All of this bad news--it may be good to re-asses what you can handle right now. However, although it may hurt to lose them, they have a wonderful life while they are with you, and the gift of giving an animal like that a wonderful life is really something special. Just making a difference in their life makes the world a little better place--you know, it brightens up your corner of the universe. It is sad that they leave us, but it doesn't have to be--they lived a life full of happiness but that has to end just like anything else. If they never left us, our time with them wouldn't be so special. It's good to look back and realize that his life was so full of happiness and that is something to celebrate, not mourn, now that he's gone.

Anyway, I'm so sorry. Big hugs sent to you and your family.

Scamper free, Johnnie.:rainbow:


----------



## Luvmyzoocrew (Oct 2, 2009)

*tonyshuman wrote: *


> All of this bad news--it may be good to re-asses what you can handle right now.

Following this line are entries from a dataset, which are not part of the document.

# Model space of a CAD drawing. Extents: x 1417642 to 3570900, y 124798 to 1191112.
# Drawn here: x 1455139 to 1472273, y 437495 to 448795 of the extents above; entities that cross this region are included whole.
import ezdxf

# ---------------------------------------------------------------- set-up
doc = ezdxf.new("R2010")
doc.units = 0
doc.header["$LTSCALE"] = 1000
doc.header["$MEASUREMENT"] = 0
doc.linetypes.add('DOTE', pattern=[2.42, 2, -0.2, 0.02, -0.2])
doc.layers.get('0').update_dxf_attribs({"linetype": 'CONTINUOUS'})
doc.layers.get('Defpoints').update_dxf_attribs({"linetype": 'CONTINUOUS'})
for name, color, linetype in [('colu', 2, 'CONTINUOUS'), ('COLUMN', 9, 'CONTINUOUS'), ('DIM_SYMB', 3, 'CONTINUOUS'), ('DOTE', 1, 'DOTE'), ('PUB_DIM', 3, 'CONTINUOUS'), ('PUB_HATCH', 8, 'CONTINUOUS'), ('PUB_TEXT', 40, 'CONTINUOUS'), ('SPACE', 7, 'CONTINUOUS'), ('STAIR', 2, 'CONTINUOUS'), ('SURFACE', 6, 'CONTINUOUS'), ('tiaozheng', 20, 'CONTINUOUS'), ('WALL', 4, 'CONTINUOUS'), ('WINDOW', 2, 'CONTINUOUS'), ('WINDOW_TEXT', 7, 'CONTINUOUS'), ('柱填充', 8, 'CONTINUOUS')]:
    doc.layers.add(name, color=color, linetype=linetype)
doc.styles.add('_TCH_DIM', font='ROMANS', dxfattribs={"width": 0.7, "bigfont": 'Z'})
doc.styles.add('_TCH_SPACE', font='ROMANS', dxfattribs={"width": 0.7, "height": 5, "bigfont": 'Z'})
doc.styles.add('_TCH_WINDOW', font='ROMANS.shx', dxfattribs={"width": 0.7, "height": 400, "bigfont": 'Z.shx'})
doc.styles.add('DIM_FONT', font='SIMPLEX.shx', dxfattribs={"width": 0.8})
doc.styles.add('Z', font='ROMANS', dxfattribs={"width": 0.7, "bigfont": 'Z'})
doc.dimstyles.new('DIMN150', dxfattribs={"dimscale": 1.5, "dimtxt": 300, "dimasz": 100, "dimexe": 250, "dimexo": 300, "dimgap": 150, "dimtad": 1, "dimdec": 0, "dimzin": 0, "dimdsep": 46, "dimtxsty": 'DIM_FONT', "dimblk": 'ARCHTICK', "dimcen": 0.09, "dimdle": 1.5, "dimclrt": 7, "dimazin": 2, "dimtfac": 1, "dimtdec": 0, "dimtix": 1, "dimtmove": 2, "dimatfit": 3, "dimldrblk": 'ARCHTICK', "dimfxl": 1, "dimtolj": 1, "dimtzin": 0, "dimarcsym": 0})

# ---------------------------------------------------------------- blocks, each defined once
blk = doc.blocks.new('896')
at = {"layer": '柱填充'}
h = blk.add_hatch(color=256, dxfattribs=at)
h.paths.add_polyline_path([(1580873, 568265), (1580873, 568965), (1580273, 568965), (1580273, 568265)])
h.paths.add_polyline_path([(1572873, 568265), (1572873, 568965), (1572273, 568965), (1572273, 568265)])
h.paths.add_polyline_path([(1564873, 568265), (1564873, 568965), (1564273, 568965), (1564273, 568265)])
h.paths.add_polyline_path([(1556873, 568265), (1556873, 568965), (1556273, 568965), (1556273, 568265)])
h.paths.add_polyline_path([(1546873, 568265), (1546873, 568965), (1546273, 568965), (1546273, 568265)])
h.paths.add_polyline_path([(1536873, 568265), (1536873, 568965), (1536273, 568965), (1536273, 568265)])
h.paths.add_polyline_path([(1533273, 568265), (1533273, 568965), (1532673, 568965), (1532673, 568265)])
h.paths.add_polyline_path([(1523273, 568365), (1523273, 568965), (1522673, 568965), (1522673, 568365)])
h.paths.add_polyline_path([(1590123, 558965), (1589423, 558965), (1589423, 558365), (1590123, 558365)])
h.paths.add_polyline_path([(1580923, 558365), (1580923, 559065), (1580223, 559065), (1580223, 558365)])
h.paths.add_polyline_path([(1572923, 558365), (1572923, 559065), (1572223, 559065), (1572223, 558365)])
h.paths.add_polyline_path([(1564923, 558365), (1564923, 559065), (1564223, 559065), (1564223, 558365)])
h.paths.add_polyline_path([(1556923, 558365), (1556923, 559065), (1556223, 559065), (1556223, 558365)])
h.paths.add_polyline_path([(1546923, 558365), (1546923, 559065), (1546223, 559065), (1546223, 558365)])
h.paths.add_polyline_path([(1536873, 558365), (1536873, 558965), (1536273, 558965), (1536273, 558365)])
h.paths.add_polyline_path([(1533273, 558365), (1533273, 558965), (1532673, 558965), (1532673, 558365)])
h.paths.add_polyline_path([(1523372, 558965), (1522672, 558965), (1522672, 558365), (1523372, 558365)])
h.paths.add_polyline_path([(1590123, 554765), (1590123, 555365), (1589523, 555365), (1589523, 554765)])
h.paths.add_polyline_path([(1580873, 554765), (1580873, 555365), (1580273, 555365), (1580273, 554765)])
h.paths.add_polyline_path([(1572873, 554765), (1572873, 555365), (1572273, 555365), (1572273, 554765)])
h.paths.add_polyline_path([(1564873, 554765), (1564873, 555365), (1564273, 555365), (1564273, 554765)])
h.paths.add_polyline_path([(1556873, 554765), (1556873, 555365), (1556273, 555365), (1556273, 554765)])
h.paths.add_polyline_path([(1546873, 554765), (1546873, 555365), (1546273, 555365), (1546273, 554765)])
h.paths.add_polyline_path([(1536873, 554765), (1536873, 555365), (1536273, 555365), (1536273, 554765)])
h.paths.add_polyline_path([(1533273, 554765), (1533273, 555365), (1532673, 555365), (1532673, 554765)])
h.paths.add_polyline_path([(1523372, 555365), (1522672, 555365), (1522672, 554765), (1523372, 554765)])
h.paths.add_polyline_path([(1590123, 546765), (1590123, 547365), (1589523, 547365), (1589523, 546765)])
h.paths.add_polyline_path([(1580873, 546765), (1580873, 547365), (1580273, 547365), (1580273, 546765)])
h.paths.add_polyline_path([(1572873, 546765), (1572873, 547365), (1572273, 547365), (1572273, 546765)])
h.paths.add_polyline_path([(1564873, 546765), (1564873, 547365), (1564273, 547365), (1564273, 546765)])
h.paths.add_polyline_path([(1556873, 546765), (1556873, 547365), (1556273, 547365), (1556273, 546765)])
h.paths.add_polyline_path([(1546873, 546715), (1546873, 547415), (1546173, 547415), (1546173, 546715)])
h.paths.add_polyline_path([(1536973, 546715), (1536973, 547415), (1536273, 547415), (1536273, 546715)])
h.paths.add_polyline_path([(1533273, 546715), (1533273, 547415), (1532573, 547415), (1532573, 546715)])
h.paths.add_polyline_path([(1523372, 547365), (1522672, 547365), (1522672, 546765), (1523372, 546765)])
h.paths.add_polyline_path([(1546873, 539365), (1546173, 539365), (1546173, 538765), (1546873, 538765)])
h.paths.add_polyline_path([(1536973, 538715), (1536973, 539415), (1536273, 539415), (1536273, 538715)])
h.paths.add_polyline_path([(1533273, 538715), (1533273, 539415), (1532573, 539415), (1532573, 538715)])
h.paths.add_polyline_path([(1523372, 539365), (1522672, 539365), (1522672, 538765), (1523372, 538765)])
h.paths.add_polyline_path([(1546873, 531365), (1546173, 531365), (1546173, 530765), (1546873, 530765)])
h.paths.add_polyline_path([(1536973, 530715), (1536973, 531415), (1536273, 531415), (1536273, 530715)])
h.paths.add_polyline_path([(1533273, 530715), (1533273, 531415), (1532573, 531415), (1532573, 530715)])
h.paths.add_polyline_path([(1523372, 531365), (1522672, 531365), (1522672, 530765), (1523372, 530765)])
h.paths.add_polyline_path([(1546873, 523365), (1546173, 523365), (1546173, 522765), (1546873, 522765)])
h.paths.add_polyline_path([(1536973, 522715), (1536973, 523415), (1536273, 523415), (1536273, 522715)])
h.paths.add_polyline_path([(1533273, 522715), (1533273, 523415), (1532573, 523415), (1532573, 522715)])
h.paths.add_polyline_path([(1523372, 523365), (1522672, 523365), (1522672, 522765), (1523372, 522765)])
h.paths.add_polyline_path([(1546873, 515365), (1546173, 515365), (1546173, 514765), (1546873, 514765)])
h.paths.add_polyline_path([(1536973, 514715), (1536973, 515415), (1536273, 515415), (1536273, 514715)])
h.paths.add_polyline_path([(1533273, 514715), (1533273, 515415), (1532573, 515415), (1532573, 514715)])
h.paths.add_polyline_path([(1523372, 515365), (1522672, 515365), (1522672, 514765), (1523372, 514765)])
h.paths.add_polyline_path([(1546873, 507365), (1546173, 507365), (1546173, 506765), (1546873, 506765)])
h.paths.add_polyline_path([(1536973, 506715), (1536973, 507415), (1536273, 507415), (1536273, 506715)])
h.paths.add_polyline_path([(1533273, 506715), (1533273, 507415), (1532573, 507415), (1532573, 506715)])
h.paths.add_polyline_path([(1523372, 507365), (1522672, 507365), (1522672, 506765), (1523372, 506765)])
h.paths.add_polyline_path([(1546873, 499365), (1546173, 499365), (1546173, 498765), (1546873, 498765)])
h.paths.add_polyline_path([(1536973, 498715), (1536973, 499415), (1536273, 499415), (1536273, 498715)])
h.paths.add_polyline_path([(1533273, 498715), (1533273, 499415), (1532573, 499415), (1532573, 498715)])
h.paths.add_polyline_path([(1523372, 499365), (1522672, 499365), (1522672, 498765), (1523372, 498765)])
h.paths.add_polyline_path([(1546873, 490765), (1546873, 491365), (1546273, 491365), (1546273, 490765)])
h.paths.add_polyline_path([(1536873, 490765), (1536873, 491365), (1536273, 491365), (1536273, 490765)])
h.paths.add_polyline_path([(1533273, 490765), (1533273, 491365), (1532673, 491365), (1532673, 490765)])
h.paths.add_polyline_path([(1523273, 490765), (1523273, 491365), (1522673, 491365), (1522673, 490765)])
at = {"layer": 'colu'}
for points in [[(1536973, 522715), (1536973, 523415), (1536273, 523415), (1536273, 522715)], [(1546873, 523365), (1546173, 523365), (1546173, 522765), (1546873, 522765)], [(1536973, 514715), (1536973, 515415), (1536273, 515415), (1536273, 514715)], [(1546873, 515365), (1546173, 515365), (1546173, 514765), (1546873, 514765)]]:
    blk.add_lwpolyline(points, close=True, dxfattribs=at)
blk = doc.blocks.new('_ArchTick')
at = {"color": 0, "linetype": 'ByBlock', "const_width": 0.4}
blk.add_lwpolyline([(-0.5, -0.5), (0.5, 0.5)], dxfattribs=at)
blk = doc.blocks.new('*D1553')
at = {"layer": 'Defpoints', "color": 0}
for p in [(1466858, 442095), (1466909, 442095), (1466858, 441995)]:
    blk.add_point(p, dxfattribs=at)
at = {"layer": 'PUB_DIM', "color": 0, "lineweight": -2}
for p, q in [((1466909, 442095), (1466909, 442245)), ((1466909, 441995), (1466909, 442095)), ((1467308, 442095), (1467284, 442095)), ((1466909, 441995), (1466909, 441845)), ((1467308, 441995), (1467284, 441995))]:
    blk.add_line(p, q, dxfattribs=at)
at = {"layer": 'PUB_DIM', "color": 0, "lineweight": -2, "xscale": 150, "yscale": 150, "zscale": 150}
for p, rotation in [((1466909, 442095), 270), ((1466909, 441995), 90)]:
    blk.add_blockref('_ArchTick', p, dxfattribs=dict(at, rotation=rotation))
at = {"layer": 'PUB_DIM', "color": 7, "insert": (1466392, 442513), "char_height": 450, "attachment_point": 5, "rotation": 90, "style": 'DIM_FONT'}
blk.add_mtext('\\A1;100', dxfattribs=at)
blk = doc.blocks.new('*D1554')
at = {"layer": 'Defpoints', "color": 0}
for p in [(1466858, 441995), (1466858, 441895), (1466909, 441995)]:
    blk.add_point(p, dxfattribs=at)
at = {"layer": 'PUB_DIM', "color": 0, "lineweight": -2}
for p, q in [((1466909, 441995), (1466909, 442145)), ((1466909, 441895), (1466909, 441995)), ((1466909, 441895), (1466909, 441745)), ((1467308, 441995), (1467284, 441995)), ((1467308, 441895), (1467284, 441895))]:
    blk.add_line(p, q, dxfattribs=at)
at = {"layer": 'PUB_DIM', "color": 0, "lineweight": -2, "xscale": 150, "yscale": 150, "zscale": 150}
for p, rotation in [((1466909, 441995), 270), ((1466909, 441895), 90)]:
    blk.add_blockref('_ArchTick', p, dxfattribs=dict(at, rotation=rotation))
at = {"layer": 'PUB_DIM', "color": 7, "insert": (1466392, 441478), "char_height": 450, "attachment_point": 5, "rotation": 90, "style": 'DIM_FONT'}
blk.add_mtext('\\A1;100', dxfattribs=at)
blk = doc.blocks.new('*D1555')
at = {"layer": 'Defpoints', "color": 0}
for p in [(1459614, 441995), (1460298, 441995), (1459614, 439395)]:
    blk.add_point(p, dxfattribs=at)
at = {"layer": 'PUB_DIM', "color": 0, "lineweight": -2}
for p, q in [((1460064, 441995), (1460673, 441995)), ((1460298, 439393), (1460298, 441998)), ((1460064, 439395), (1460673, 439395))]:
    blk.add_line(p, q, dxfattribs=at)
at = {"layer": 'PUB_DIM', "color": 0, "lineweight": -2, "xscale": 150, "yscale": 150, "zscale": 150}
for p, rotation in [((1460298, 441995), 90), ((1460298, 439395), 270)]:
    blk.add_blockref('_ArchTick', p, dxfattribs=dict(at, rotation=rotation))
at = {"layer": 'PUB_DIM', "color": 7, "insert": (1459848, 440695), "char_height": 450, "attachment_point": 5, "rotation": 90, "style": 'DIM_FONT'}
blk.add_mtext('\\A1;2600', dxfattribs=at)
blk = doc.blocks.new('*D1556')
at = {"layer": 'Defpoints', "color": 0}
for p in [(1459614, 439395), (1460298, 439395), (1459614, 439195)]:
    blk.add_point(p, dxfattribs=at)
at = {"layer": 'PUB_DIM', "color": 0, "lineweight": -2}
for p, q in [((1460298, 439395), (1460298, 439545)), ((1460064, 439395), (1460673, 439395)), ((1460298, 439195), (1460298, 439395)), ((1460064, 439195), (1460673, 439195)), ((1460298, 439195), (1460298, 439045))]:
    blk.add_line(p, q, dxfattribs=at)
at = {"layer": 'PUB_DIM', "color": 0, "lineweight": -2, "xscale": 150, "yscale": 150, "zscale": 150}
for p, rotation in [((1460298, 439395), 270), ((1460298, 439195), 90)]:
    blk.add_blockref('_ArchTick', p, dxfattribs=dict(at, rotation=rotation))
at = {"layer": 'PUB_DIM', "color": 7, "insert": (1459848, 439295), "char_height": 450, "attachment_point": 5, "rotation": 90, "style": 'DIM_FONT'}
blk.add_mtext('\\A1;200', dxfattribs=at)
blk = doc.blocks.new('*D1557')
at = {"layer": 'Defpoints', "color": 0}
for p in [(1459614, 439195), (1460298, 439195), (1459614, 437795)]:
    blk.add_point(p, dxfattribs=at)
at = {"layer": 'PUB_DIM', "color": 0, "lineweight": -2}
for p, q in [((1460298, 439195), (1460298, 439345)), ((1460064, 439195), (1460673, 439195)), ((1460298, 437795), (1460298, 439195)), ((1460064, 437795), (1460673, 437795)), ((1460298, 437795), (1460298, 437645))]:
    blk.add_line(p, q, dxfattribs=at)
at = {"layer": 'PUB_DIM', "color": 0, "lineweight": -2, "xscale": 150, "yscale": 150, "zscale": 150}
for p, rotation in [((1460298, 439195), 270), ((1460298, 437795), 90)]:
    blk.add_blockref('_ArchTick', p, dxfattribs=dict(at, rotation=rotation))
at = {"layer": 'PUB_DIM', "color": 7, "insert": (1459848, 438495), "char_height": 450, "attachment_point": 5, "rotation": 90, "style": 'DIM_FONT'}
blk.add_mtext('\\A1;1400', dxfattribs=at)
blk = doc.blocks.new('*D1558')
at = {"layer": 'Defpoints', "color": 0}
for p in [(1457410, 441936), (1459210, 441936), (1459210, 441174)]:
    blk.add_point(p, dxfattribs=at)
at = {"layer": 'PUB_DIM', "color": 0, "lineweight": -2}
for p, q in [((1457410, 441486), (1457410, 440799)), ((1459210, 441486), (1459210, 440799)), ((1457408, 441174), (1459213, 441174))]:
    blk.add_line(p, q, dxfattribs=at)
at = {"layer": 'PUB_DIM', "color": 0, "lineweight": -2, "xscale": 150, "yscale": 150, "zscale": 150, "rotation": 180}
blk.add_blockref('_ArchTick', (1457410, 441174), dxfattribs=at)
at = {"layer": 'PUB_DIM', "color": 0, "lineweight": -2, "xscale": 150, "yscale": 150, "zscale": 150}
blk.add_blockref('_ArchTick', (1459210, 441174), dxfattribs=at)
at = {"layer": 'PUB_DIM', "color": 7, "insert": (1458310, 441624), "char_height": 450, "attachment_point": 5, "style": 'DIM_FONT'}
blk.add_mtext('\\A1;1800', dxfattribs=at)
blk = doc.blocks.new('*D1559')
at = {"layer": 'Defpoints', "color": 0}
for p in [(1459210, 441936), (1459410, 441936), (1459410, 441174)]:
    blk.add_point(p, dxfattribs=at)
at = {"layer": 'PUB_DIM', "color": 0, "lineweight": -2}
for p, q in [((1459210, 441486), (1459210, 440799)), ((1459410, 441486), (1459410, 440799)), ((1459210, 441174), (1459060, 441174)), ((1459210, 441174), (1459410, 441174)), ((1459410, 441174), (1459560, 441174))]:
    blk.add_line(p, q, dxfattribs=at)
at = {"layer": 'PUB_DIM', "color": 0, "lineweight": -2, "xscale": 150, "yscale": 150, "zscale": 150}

I hope i didnt come off as i dont think i can handle all the animals, i am just not looking forward to the rest of all the animals having to go to the bridge, i have to go through this sadness and heartbreak for the cats, and the dogs, and the rest of the animals. It just sadens me that i will have to do this again, and again, and again, and i think about not having anymore animals because of the loss, but then that wouldnt be fair because they bring us so much great times, ugh, i am just feeling really sad right now


----------



## slavetoabunny (Oct 2, 2009)

:hug:


----------



## cheryl (Oct 2, 2009)

Aww Fran i'm sorry


----------



## tonyshuman (Oct 2, 2009)

Oh I know that you weren't going to rehome any of them. I just was thinking that you might be too saddened by losing them that you would choose not to have animals anymore, which is fine if that's what you need, but you take such good care of them that many animals would be missing out on a great home.

I particularly like this:
"We who choose to surround ourselves with lives even more temporary than our own, live within a fragile circle, easily and often breached.
Unable to accept its awful gaps, we still would live no other way.
We cherish memory as the only certain immortality,
never fully understanding the necessary plan."

Irving Townsend.


----------



## Nancy McClelland (Oct 3, 2009)

We're so sorry to hear that you lost Johnnie as well as the other bad news. Sometimes it really pours down on you. Each time we lose one of our babies it's really hard and doesn't get any easier, as, they are all unique and we miss them so much. No matter how long they are with us, it's never long enough. Rest in peace little man and say hi to all our loved ones at the bridge.


----------



## Wabbitdad12 (Oct 3, 2009)

I am so sorry this happened. Sorry about your father in law.

Dave


----------



## Luvmyzoocrew (Oct 3, 2009)

*tonyshuman wrote: *


> Oh I know that you weren't going to rehome any of them. I just was thinking that you might be too saddened by losing them that you would choose not to have animals anymore, which is fine if that's what you need, but you take such good care of them that many animals would be missing out on a great home.
> 
> I particularly like this:
> "We who choose to surround ourselves with lives even more temporary than our own, live within a fragile circle, easily and often breached.
> ...


Thank you :hug:

Thank you everyone 

""We who choose to surround ourselves with lives even more temporary than our own, live within a fragile circle, easily and often breached." <<<<<<< I really love this line


----------



## kherrmann3 (Oct 5, 2009)

I'm sorry to hear that he passed. He is at the bridge with Sooty.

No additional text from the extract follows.